Below are the entries. Transcribe exactly the lines from the one with "(segment (start 207.475" through the one with "(segment (start 138.813201 101.012299) (end 140", ends included, and leave out all others.

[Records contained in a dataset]
>>>>

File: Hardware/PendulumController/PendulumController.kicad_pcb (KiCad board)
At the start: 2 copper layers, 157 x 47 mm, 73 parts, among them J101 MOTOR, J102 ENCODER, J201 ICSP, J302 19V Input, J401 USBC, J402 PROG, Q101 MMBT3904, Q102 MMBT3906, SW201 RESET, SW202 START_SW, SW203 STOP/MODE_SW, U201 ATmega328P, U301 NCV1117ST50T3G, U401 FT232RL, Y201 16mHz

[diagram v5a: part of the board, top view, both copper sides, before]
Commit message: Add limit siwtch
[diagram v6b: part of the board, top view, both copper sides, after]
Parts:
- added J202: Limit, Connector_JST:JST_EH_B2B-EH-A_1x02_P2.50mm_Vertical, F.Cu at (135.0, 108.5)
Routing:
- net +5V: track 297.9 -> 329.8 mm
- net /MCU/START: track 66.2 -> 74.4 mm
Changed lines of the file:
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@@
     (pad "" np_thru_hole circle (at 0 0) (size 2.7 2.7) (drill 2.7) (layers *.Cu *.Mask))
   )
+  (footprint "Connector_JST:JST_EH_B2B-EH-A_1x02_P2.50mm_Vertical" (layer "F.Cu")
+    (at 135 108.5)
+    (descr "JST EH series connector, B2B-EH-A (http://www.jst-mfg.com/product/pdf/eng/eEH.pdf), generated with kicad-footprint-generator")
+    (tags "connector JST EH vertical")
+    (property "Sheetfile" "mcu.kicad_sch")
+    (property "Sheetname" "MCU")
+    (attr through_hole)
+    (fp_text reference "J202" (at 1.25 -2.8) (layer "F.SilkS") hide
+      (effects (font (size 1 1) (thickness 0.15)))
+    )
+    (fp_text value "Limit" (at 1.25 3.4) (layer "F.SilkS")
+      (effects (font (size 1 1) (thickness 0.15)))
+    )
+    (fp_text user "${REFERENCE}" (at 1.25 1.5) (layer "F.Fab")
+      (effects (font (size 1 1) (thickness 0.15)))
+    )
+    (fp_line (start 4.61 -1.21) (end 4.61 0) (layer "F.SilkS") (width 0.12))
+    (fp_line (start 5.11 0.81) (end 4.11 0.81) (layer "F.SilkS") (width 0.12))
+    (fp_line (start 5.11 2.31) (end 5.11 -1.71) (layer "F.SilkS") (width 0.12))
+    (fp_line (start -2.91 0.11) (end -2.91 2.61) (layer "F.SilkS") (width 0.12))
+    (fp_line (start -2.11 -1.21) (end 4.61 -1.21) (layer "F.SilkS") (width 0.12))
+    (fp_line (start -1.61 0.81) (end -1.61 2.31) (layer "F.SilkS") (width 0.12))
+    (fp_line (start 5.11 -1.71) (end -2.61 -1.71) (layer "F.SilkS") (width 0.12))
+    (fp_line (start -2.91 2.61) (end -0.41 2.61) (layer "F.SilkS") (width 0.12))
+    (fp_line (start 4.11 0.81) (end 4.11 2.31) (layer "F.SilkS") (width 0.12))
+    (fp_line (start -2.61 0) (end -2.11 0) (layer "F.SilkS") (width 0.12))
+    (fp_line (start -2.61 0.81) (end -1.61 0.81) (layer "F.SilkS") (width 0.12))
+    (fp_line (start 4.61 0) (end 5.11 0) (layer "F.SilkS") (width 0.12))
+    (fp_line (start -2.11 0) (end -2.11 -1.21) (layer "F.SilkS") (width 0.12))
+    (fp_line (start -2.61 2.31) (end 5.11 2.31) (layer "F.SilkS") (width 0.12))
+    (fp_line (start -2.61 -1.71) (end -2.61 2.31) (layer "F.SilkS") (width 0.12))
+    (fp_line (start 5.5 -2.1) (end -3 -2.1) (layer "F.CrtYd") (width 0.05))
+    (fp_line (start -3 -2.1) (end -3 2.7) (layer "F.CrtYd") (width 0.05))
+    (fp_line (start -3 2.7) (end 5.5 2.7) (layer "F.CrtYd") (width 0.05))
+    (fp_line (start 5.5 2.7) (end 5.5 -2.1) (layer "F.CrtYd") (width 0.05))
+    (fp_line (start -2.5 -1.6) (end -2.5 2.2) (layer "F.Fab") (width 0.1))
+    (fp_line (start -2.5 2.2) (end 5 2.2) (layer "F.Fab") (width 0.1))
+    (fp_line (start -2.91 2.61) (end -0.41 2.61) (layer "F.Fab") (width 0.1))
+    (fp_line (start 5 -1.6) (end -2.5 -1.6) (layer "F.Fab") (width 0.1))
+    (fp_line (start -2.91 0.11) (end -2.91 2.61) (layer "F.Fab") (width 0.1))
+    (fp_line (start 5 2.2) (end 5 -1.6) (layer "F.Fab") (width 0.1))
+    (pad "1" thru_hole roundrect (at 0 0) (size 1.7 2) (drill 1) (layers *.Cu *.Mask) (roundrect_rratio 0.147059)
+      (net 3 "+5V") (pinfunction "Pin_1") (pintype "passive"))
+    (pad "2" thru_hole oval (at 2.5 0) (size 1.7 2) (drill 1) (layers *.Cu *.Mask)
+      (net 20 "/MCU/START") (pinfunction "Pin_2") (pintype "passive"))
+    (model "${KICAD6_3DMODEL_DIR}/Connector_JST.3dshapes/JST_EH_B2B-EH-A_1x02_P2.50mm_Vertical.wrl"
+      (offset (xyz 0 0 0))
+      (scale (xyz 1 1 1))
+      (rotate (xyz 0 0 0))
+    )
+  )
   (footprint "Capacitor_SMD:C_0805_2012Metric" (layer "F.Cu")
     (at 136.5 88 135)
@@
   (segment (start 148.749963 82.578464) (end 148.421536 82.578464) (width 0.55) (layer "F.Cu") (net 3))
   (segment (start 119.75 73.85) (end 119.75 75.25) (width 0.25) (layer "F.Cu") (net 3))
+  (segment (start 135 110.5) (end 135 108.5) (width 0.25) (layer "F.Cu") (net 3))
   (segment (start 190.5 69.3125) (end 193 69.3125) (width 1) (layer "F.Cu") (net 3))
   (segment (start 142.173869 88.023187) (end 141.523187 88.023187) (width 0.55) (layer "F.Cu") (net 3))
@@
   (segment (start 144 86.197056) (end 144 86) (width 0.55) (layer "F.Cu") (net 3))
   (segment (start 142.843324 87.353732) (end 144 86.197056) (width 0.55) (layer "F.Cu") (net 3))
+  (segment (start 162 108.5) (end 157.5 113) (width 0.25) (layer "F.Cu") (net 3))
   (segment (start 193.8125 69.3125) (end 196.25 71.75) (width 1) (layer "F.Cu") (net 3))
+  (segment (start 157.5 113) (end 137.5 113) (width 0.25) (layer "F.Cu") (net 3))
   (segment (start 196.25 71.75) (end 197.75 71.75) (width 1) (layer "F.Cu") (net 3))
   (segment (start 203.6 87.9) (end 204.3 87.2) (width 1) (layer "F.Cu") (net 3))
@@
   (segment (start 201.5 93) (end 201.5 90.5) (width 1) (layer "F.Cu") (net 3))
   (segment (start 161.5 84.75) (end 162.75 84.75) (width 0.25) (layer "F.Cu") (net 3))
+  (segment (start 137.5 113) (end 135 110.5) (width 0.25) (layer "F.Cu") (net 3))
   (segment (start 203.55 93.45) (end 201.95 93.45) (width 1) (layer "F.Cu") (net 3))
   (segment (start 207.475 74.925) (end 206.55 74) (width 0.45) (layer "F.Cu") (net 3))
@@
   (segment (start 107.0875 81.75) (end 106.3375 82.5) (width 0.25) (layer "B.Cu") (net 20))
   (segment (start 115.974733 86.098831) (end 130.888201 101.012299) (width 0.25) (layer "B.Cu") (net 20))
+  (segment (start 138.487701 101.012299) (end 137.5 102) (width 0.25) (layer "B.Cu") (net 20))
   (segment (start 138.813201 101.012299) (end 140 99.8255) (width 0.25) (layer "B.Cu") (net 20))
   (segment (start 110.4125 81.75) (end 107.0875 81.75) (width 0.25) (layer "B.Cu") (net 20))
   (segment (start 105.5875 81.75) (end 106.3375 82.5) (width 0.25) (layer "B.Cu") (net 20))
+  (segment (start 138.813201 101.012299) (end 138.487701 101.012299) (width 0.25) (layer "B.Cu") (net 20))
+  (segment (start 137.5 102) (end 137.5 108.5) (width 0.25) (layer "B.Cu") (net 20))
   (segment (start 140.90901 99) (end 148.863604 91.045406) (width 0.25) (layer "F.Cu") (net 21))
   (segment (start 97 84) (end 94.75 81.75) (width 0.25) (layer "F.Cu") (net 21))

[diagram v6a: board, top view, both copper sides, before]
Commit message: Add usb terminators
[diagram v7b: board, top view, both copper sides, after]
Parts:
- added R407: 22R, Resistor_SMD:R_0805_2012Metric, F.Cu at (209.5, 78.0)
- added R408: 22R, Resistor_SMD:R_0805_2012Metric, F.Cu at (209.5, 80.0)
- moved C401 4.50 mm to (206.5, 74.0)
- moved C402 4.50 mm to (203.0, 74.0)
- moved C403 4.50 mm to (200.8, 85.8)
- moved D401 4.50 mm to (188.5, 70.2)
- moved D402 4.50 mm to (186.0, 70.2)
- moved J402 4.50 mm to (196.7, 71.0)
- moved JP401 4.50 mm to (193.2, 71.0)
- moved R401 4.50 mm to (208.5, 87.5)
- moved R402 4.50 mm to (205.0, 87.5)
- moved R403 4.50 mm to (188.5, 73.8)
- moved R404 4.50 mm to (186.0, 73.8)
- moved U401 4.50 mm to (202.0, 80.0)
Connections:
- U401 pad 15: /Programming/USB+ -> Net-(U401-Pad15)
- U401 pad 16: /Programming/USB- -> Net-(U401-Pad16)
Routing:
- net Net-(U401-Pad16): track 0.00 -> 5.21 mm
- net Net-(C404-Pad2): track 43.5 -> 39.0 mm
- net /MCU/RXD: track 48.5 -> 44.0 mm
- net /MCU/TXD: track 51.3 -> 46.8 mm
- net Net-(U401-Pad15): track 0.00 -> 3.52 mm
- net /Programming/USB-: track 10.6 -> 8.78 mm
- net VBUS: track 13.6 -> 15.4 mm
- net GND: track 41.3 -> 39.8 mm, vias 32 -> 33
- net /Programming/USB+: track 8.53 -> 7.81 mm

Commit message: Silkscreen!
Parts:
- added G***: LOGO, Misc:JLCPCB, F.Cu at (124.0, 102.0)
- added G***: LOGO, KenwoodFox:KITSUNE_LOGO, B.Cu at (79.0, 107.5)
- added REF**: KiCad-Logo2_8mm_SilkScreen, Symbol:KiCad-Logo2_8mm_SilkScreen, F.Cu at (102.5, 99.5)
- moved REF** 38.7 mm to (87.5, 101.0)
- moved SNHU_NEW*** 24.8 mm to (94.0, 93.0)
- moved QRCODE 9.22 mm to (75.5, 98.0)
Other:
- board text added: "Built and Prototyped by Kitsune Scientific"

<<<<

RESULT FOR THIS TASK:
   (segment (start 207.475 74.925) (end 206.55 74) (width 0.45) (layer "F.Cu") (net 3))
@@
   (segment (start 107.0875 81.75) (end 106.3375 82.5) (width 0.25) (layer "B.Cu") (net 20))
   (segment (start 115.974733 86.098831) (end 130.888201 101.012299) (width 0.25) (layer "B.Cu") (net 20))
+  (segment (start 138.487701 101.012299) (end 137.5 102) (width 0.25) (layer "B.Cu") (net 20))
   (segment (start 138.813201 101.012299) (end 140 99.8255) (width 0.25) (layer "B.Cu") (net 20))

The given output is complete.